HU$H Money at a recent Peachtree Corners Town Center event. (Photo by Ludwig Keck)

Tony De Vita, on guitar and vocals, spends his days as a financial planner, while Richie Downum, on drums, specializes in investor relations at a cybersecurity firm.

So what brought these three men together to form a band?

According to Yurman, he and De Vita had played music together for about 20 years, even recording original music and playing in a few bands together prior to Hush Money. Then in 2013, the idea to “get a three-piece together” formed, and finding a drummer was the last piece of the puzzle.

“Tony’s neighbor, Richie, happened to have a kit and they started playing around,” Yurman said. “I joined them a few weeks later and we just hit it off as a band — instant chemistry and diverse enough music tastes to keep it interesting.”

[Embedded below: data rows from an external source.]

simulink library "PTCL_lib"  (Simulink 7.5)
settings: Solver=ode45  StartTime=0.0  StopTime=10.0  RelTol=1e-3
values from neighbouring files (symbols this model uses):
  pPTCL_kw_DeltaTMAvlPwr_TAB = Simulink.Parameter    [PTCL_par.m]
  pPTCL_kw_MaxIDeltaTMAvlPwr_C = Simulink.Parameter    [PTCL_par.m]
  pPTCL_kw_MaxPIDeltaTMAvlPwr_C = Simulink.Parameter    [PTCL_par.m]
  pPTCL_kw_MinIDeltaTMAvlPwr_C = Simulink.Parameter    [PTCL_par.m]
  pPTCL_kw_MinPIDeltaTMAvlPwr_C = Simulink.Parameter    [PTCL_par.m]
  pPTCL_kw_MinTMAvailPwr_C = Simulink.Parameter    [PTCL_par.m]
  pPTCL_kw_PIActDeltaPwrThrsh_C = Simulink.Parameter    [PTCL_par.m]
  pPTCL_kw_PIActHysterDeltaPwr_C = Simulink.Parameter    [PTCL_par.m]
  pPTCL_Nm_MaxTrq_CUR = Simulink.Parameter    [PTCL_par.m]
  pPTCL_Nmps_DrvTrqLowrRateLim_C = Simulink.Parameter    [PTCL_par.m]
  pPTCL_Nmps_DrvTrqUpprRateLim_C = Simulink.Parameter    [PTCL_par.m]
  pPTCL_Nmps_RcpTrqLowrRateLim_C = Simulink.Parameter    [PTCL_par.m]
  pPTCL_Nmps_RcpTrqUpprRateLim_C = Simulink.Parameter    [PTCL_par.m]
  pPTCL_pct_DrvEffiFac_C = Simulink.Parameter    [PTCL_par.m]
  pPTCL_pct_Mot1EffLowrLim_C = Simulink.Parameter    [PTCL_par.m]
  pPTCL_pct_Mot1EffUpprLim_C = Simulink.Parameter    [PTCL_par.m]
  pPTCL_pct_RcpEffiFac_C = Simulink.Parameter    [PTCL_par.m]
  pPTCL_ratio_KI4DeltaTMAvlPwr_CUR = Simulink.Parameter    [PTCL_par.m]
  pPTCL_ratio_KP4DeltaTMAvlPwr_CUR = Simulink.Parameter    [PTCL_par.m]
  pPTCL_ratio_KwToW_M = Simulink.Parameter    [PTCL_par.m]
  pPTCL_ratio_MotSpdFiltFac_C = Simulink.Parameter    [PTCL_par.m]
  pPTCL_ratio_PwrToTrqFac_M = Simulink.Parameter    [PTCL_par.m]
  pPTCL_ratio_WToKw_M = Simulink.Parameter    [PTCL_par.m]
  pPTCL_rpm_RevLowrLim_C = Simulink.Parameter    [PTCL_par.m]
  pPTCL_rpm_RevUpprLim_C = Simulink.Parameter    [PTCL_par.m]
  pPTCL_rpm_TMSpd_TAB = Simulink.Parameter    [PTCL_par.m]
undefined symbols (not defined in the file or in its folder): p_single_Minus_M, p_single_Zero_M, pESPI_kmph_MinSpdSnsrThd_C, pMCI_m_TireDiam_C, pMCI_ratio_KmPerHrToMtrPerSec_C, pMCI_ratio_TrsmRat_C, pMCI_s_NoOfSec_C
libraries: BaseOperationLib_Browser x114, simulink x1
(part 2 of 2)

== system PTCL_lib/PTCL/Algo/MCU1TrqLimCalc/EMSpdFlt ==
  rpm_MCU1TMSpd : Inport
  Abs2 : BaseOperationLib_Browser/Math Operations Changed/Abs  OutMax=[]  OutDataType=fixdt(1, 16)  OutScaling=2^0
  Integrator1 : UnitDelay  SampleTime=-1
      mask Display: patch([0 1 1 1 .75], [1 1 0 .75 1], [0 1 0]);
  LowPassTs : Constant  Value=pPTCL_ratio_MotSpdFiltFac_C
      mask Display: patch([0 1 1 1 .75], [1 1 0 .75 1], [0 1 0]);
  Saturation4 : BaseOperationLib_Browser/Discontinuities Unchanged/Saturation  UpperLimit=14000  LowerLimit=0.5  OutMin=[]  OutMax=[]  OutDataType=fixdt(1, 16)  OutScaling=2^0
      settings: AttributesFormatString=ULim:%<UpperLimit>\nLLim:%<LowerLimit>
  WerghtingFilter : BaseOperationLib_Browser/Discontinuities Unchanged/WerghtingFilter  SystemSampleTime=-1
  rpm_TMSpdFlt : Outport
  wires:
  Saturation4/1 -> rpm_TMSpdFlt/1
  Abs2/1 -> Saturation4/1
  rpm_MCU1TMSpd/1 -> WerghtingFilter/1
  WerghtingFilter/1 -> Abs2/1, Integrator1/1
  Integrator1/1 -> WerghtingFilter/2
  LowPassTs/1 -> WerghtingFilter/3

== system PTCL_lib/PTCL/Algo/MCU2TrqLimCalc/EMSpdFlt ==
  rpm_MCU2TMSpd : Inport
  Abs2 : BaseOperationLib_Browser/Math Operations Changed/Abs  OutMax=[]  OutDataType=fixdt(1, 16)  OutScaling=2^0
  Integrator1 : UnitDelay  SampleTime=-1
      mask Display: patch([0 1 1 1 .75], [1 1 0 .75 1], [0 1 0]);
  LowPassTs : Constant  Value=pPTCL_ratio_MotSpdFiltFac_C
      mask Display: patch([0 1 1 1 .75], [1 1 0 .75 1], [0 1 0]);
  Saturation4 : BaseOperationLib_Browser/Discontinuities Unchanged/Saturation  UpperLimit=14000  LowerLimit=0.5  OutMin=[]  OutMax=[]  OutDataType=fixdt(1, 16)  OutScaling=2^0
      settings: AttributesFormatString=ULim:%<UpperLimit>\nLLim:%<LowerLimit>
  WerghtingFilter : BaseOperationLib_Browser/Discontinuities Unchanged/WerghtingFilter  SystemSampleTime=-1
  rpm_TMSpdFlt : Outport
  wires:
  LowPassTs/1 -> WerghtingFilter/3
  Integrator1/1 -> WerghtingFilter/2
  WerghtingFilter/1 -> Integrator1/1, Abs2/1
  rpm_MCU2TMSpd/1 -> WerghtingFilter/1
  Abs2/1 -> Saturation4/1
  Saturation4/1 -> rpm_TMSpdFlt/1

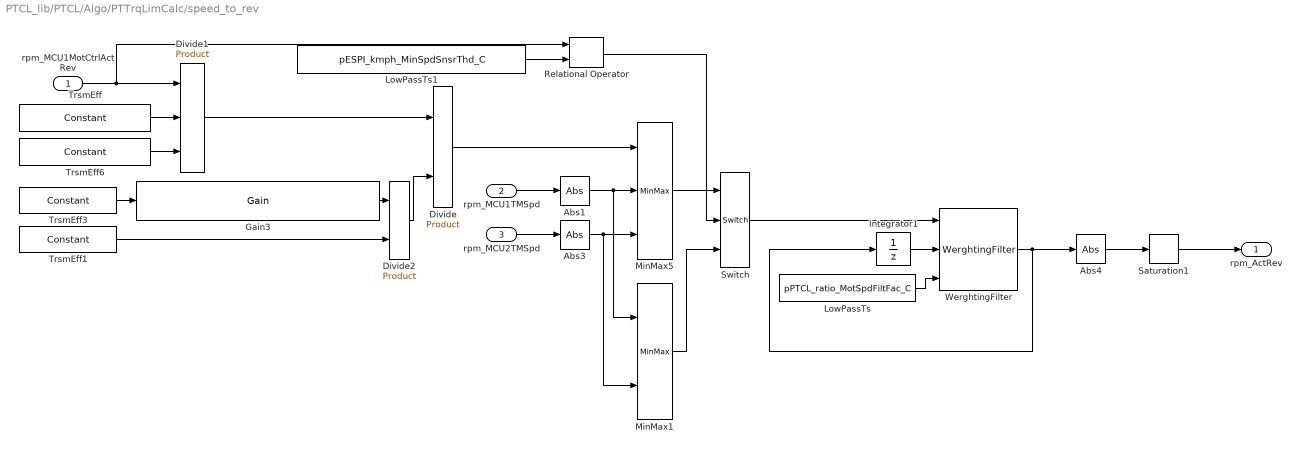
== system PTCL_lib/PTCL/Algo/PTTrqLimCalc/speed_to_rev ==
  rpm_MCU1MotCtrlActRev : Inport
  rpm_MCU1TMSpd : Inport  Port=2
  rpm_MCU2TMSpd : Inport  Port=3
  Abs1 : BaseOperationLib_Browser/Math Operations Changed/Abs  OutMax=[]  OutDataType=fixdt(1, 16)  OutScaling=2^0
  Abs3 : BaseOperationLib_Browser/Math Operations Changed/Abs  OutMax=[]  OutDataType=fixdt(1, 16)  OutScaling=2^0
  Abs4 : BaseOperationLib_Browser/Math Operations Changed/Abs  OutMax=[]  OutDataType=fixdt(1, 16)  OutScaling=2^0
  Divide : BaseOperationLib_Browser/Math Operations Changed/Product  Inputs=*/  Multiplication=Element-wise(.*)  OutMin=[]  OutMax=[]  OutDataType=fixdt(1,16,0)  OutScaling=[]
  Divide1 : BaseOperationLib_Browser/Math Operations Changed/Product  Inputs=***  Multiplication=Element-wise(.*)  OutMin=[]  OutMax=[]  OutDataType=fixdt(1,16,0)  OutScaling=[]
  Divide2 : BaseOperationLib_Browser/Math Operations Changed/Product  Inputs=**  Multiplication=Element-wise(.*)  OutMin=[]  OutMax=[]  OutDataType=fixdt(1,16,0)  OutScaling=[]
  Gain3 : BaseOperationLib_Browser/Math Operations Changed/Gain  Gain=pMCI_ratio_KmPerHrToMtrPerSec_C  Multiplication=Element-wise(K.*u)  ParamMin=[]  ParamMax=[]  ParameterDataType=fixdt(1, 16)  ParameterScalingMode=Best Precision: Matrix-wise  ParameterScaling=2^0  OutMin=[]  OutMax=[]  OutDataType=fixdt(1, 16)  OutScaling=2^0
  Integrator1 : UnitDelay  SampleTime=-1
      mask Display: patch([0 1 1 1 .75], [1 1 0 .75 1], [0 1 0]);
  LowPassTs : Constant  Value=pPTCL_ratio_MotSpdFiltFac_C
      mask Display: patch([0 1 1 1 .75], [1 1 0 .75 1], [0 1 0]);
  LowPassTs1 : Constant  Value=pESPI_kmph_MinSpdSnsrThd_C
      mask Display: patch([0 1 1 1 .75], [1 1 0 .75 1], [0 1 0]);
  MinMax1 : BaseOperationLib_Browser/Math Operations Changed/MinMax  Function=min  Inputs=2  InputSameDT=on  OutMin=[]  OutMax=[]  OutDataType=fixdt(1, 16)  OutScaling=2^0  SaturateOnIntegerOverflow=on
  MinMax5 : BaseOperationLib_Browser/Math Operations Changed/MinMax  Function=min  Inputs=3  InputSameDT=on  OutMin=[]  OutMax=[]  OutDataType=fixdt(1, 16)  OutScaling=2^0  SaturateOnIntegerOverflow=on
  Relational Operator : BaseOperationLib_Browser/Logic Operations Changed/Relational Operator  Operator=>=  InputSameDT=on  LogicOutDataTypeMode=Specify via dialog  LogicDataType=PDT_Bool  OutDataTypeStr=PDT_Bool
  Saturation1 : BaseOperationLib_Browser/Discontinuities Unchanged/Saturation  UpperLimit=pPTCL_rpm_RevUpprLim_C  LowerLimit=pPTCL_rpm_RevLowrLim_C  OutMin=[]  OutMax=[]  OutDataType=fixdt(1, 16)  OutScaling=2^0
      settings: AttributesFormatString=ULim:%<UpperLimit>\nLLim:%<LowerLimit>
  Switch : BaseOperationLib_Browser/Signal Routing Changed/Switch  Criteria=u2 ~= 0  Threshold=1  InputSameDT=on  OutMin=[]  OutMax=[]  OutDataType=fixdt(1,16,0)  OutScaling=[]  SaturateOnIntegerOverflow=on
  TrsmEff : BaseOperationLib_Browser/Sources&Sinks/Constant  Value=pMCI_ratio_TrsmRat_C  OutMin=[]  OutMax=[]  OutDataTypeMode=single  OutDataType=fixdt(1, 16)  ConRadixGroup=Use specified scaling  OutScaling=2^0  OutDataTypeStr=single
  TrsmEff1 : BaseOperationLib_Browser/Sources&Sinks/Constant  Value=pMCI_m_TireDiam_C  OutMin=[]  OutMax=[]  OutDataTypeMode=single  OutDataType=fixdt(1, 16)  ConRadixGroup=Use specified scaling  OutScaling=2^0  OutDataTypeStr=single
  TrsmEff3 : BaseOperationLib_Browser/Sources&Sinks/Constant  Value=pi  OutMin=[]  OutMax=[]  OutDataTypeMode=single  OutDataType=fixdt(1, 16)  ConRadixGroup=Use specified scaling  OutScaling=2^0  OutDataTypeStr=single
  TrsmEff6 : BaseOperationLib_Browser/Sources&Sinks/Constant  Value=pMCI_s_NoOfSec_C  OutMin=[]  OutMax=[]  OutDataTypeMode=single  OutDataType=fixdt(1, 16)  ConRadixGroup=Use specified scaling  OutScaling=2^0  OutDataTypeStr=single
  WerghtingFilter : BaseOperationLib_Browser/Discontinuities Unchanged/WerghtingFilter  SystemSampleTime=-1
  rpm_ActRev : Outport
  wires:
  TrsmEff1/1 -> Divide2/2
  rpm_MCU1MotCtrlActRev/1 -> Divide1/1, Relational Operator/1
  TrsmEff/1 -> Divide1/2
  TrsmEff3/1 -> Gain3/1
  Gain3/1 -> Divide2/1
  Divide1/1 -> Divide/1
  Divide2/1 -> Divide/2
  Switch/1 -> WerghtingFilter/1
  WerghtingFilter/1 -> Integrator1/1, Abs4/1
  Integrator1/1 -> WerghtingFilter/2
  LowPassTs/1 -> WerghtingFilter/3
  Divide/1 -> MinMax5/1
  rpm_MCU1TMSpd/1 -> Abs1/1
  rpm_MCU2TMSpd/1 -> Abs3/1
  MinMax1/1 -> Switch/3
  MinMax5/1 -> Switch/1
  LowPassTs1/1 -> Relational Operator/2
  Relational Operator/1 -> Switch/2
  Abs1/1 -> MinMax5/2, MinMax1/1
  Abs3/1 -> MinMax5/3, MinMax1/2
  Abs4/1 -> Saturation1/1
  Saturation1/1 -> rpm_ActRev/1
  TrsmEff6/1 -> Divide1/3

== system PTCL_lib/PTCL/Algo/CmptPwrLimCalc/BatMaxContiChrgPwrCalc/PwrCtrl ==
  ActPwr : Inport
  TgtPwr : Inport  Port=2
  Enable : EnablePort  StatesWhenEnabling=reset
  Abs1 : Abs  SaturateOnIntegerOverflow=on
      mask Display: patch([0 1 1 1 .75], [1 1 0 .75 1], [0 1 0]);
  Add2 : Sum  SaturateOnIntegerOverflow=on  InputSameDT=on  OutDataTypeStr=Inherit: Same as first input
      mask Display: patch([0 1 1 1 .75], [1 1 0 .75 1], [0 1 0]);
  Add5 : Sum  SaturateOnIntegerOverflow=on  InputSameDT=on  OutDataTypeStr=Inherit: Same as first input
      mask Display: patch([0 1 1 1 .75], [1 1 0 .75 1], [0 1 0]);
  Add6 : Sum  Inputs=+-  SaturateOnIntegerOverflow=on  InputSameDT=on  OutDataTypeStr=Inherit: Same as first input
      mask Display: patch([0 1 1 1 .75], [1 1 0 .75 1], [0 1 0]);
  Constant11 : Constant  Value=pPTCL_kw_MinIDeltaTMAvlPwr_C
      mask Display: patch([0 1 1 1 .75], [1 1 0 .75 1], [0 1 0]);
  Constant12 : Constant  Value=pPTCL_kw_MaxIDeltaTMAvlPwr_C  VectorParams1D=off
      mask Display: patch([0 1 1 1 .75], [1 1 0 .75 1], [0 1 0]);
  Constant13 : Constant  Value=pPTCL_kw_MinPIDeltaTMAvlPwr_C
      mask Display: patch([0 1 1 1 .75], [1 1 0 .75 1], [0 1 0]);
  Constant14 : Constant  Value=pPTCL_kw_MaxPIDeltaTMAvlPwr_C
      mask Display: patch([0 1 1 1 .75], [1 1 0 .75 1], [0 1 0]);
  Constant4 : Constant  Value=p_single_Zero_M
      mask Display: patch([0 1 1 1 .75], [1 1 0 .75 1], [0 1 0]);
  Lookup Table1 : BaseOperationLib_Browser/Lookup Tables Changed/Lookup Table  InputValues=pPTCL_kw_DeltaTMAvlPwr_TAB  Table=pPTCL_ratio_KP4DeltaTMAvlPwr_CUR  LookUpMeth=Interpolation-Use End Values  OutMin=[]  OutMax=[]  OutDataType=fixdt(1, 16)  OutScaling=2^0  OutDataTypeStr=Inherit: Inherit via back propagation  SaturateOnIntegerOverflow=on
      settings: AttributesFormatString=X:%<InputValues>\nTAB:%<Table>
  Lookup Table2 : BaseOperationLib_Browser/Lookup Tables Changed/Lookup Table  InputValues=pPTCL_kw_DeltaTMAvlPwr_TAB  Table=pPTCL_ratio_KI4DeltaTMAvlPwr_CUR  LookUpMeth=Interpolation-Use End Values  OutMin=[]  OutMax=[]  OutDataType=fixdt(1, 16)  OutScaling=2^0  OutDataTypeStr=Inherit: Inherit via back propagation  SaturateOnIntegerOverflow=on
      settings: AttributesFormatString=X:%<InputValues>\nTAB:%<Table>
  MinMax : BaseOperationLib_Browser/Math Operations Changed/MinMax  Function=min  Inputs=2  InputSameDT=on  OutMin=[]  OutMax=[]  OutDataType=fixdt(1,16,0)  OutScaling=[]  SaturateOnIntegerOverflow=on
  Product : BaseOperationLib_Browser/Math Operations Changed/Product  Inputs=2  Multiplication=Element-wise(.*)  OutMin=[]  OutMax=[]  OutDataType=fixdt(1,16,0)  OutScaling=[]  OutDataTypeStr=Inherit: Inherit via back propagation  RndMeth=Zero  SaturateOnIntegerOverflow=on
  Product1 : BaseOperationLib_Browser/Math Operations Changed/Product  Inputs=2  Multiplication=Element-wise(.*)  OutMin=[]  OutMax=[]  OutDataType=fixdt(1,16,0)  OutScaling=[]  OutDataTypeStr=Inherit: Inherit via back propagation  RndMeth=Zero  SaturateOnIntegerOverflow=on
  Saturation Dynamic1 : BaseOperationLib_Browser/Discontinuities Unchanged/Saturation Dynamic  SystemSampleTime=-1  OutMin=[]  OutMax=[]  OutDataTypeStr=Inherit: Same as second input  OutDataType=fixdt(1, 16)  OutScaling=2^-10  DoSatur=on
  Saturation Dynamic2 : BaseOperationLib_Browser/Discontinuities Unchanged/Saturation Dynamic  SystemSampleTime=-1  OutMin=[]  OutMax=[]  OutDataTypeStr=Inherit: Same as second input  OutDataType=fixdt(1, 16)  OutScaling=2^-10  DoSatur=on
  Signal Conversion : SignalConversion  ConversionOutput=Contiguous copy
  Unit Delay2 : BaseOperationLib_Browser/Discrete Unchanged /Unit Delay  X0=0  SampleTime=-1
  DeltaEMAvlPwr : Outport
  wires:
  ActPwr/1 -> Add6/2
  TgtPwr/1 -> Add6/1
  Add6/1 -> Product1/2, Product/2, Lookup Table2/1, Lookup Table1/1
  Add2/1 -> Saturation Dynamic2/2
  Constant14/1 -> Saturation Dynamic2/1
  Constant13/1 -> Saturation Dynamic2/3
  Product1/1 -> Add2/1
  Lookup Table1/1 -> Product1/1
  Product/1 -> Add5/1
  Lookup Table2/1 -> Product/1
  Saturation Dynamic1/1 -> Unit Delay2/1, Add2/2
  Add5/1 -> Saturation Dynamic1/2
  Constant12/1 -> Saturation Dynamic1/1
  Constant11/1 -> Saturation Dynamic1/3
  Unit Delay2/1 -> Add5/2
  Signal Conversion/1 -> DeltaEMAvlPwr/1
  Constant4/1 -> MinMax/1
  Saturation Dynamic2/1 -> MinMax/2
  MinMax/1 -> Abs1/1
  Abs1/1 -> Signal Conversion/1

== system PTCL_lib/PTCL/Algo/CmptPwrLimCalc/BatMaxContiDschPwrCalc/PwrCtrl ==
  ActPwr : Inport
  TgtPwr : Inport  Port=2
  Enable : EnablePort  StatesWhenEnabling=reset
  Abs1 : Abs  SaturateOnIntegerOverflow=on
      mask Display: patch([0 1 1 1 .75], [1 1 0 .75 1], [0 1 0]);
  Add2 : Sum  SaturateOnIntegerOverflow=on  InputSameDT=on  OutDataTypeStr=Inherit: Same as first input
      mask Display: patch([0 1 1 1 .75], [1 1 0 .75 1], [0 1 0]);
  Add5 : Sum  SaturateOnIntegerOverflow=on  InputSameDT=on  OutDataTypeStr=Inherit: Same as first input
      mask Display: patch([0 1 1 1 .75], [1 1 0 .75 1], [0 1 0]);
  Add6 : Sum  Inputs=+-  SaturateOnIntegerOverflow=on  InputSameDT=on  OutDataTypeStr=Inherit: Same as first input
      mask Display: patch([0 1 1 1 .75], [1 1 0 .75 1], [0 1 0]);
  Constant11 : Constant  Value=pPTCL_kw_MinIDeltaTMAvlPwr_C
      mask Display: patch([0 1 1 1 .75], [1 1 0 .75 1], [0 1 0]);
  Constant12 : Constant  Value=pPTCL_kw_MaxIDeltaTMAvlPwr_C  VectorParams1D=off
      mask Display: patch([0 1 1 1 .75], [1 1 0 .75 1], [0 1 0]);
  Constant13 : Constant  Value=pPTCL_kw_MinPIDeltaTMAvlPwr_C
      mask Display: patch([0 1 1 1 .75], [1 1 0 .75 1], [0 1 0]);
  Constant14 : Constant  Value=pPTCL_kw_MaxPIDeltaTMAvlPwr_C
      mask Display: patch([0 1 1 1 .75], [1 1 0 .75 1], [0 1 0]);
  Constant4 : Constant  Value=p_single_Zero_M
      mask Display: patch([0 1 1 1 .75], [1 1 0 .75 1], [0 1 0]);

Diverse music selection for a unique sound

The music selection process for Hush Money is not a straightforward one. Though classified as a Hard-Southern Rock band, the playlist is intentionally diverse to allow for different styles and angles of music to shine through. Top 40 is typically avoided; instead they opt for lesser known deep cuts and other content not always explored by your usual cover bands.

But then again, Hush Money is not your usual cover band. What sets these guys apart from the crowd is that, even as they pay deference to others’ songs and bodies of work, they still make a conscious and admirable effort to put their own spin on things, keeping the music fresh and alive.

“Personally, I get adrenalized when we’re about to play. It’s a good feeling and it helps me stays high energy and find the groove in what we’re doing,” Yurman explained. “I really enjoy the chemistry we all have and how we play off of each other and the dynamics of the song.”